>>>>>
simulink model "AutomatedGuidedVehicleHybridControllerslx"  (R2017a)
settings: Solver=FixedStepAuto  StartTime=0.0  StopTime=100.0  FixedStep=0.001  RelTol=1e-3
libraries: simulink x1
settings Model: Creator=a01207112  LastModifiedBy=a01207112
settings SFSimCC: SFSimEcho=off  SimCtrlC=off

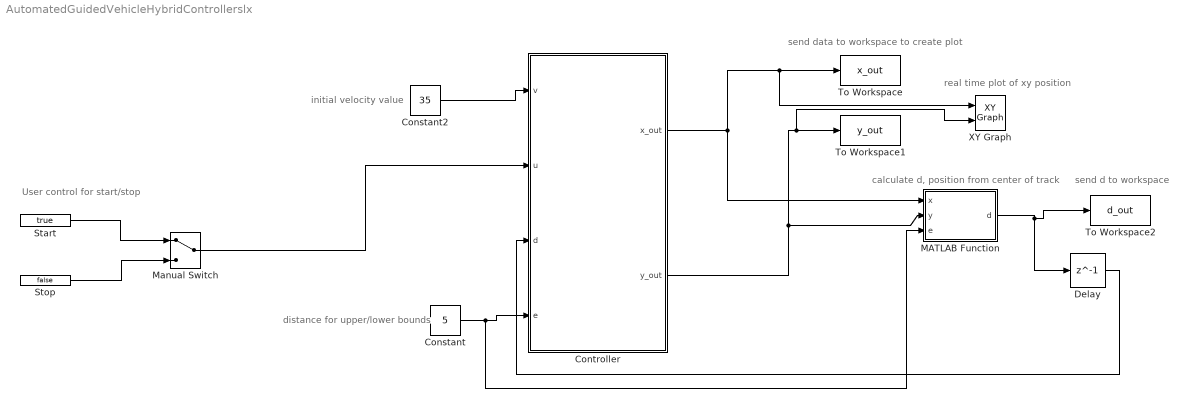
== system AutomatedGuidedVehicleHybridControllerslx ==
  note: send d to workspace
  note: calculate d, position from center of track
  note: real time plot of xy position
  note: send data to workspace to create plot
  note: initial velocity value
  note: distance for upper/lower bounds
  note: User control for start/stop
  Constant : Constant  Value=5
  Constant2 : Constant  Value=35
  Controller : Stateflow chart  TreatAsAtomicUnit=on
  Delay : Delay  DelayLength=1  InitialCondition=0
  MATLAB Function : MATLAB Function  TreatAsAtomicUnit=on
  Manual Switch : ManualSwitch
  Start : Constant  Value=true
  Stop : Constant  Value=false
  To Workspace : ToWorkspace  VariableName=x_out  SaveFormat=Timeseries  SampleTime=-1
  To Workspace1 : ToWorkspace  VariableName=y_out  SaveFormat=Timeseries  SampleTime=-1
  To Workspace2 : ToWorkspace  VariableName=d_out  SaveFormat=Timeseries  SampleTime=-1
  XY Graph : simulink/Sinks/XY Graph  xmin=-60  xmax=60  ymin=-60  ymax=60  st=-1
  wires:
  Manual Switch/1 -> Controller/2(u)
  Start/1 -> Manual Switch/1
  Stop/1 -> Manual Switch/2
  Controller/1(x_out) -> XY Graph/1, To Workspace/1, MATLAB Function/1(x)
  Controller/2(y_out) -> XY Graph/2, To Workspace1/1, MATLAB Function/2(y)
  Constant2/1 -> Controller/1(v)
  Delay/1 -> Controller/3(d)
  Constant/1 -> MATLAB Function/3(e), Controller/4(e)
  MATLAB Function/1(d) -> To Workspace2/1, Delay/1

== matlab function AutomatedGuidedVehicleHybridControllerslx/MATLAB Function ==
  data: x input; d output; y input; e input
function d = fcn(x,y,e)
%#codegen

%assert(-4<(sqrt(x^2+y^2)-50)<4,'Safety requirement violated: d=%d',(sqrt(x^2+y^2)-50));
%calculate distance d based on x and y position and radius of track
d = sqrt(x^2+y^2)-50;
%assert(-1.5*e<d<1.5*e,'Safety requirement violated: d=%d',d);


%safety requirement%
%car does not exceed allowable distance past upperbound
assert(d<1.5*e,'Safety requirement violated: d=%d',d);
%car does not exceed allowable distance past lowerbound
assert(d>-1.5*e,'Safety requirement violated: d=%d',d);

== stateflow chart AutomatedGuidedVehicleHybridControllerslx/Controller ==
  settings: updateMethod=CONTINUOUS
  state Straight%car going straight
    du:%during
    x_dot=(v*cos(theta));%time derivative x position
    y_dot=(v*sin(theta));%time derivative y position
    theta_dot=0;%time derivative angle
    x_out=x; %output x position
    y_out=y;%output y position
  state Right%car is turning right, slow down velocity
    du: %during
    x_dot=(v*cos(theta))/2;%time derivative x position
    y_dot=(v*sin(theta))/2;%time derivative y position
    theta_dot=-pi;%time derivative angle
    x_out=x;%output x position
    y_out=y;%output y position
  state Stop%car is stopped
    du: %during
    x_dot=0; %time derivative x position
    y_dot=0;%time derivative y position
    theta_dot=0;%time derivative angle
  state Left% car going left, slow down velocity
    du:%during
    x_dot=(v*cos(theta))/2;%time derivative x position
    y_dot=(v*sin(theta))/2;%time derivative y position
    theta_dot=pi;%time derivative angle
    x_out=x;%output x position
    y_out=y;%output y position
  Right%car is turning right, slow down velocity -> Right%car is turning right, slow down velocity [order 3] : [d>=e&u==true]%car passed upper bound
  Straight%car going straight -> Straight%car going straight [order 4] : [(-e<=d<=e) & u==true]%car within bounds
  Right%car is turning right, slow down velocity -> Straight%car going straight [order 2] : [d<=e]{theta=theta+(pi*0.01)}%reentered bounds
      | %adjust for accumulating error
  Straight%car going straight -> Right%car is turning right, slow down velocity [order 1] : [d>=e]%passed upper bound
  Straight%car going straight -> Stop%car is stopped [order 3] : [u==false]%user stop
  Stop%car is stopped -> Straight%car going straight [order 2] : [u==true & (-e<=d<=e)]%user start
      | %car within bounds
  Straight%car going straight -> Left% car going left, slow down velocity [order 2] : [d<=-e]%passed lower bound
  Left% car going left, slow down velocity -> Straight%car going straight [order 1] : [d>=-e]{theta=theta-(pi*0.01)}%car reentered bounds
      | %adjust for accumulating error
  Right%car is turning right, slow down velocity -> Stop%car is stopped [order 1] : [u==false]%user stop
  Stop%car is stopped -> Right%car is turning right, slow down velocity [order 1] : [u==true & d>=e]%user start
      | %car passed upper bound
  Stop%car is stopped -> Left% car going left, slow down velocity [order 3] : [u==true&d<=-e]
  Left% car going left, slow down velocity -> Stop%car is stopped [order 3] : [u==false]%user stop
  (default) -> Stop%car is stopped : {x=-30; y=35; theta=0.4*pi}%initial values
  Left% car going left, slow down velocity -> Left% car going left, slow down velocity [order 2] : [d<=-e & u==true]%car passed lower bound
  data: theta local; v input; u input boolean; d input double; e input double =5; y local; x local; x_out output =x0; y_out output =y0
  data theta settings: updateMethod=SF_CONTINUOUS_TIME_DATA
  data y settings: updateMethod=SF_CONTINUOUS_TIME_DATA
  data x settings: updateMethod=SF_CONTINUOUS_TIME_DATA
<<<<<
* Exercise details *
Please show every line of the entries above that contains the word "Delay".

* Your response *
  Delay : Delay  DelayLength=1  InitialCondition=0
  Delay/1 -> Controller/3(d)
  MATLAB Function/1(d) -> To Workspace2/1, Delay/1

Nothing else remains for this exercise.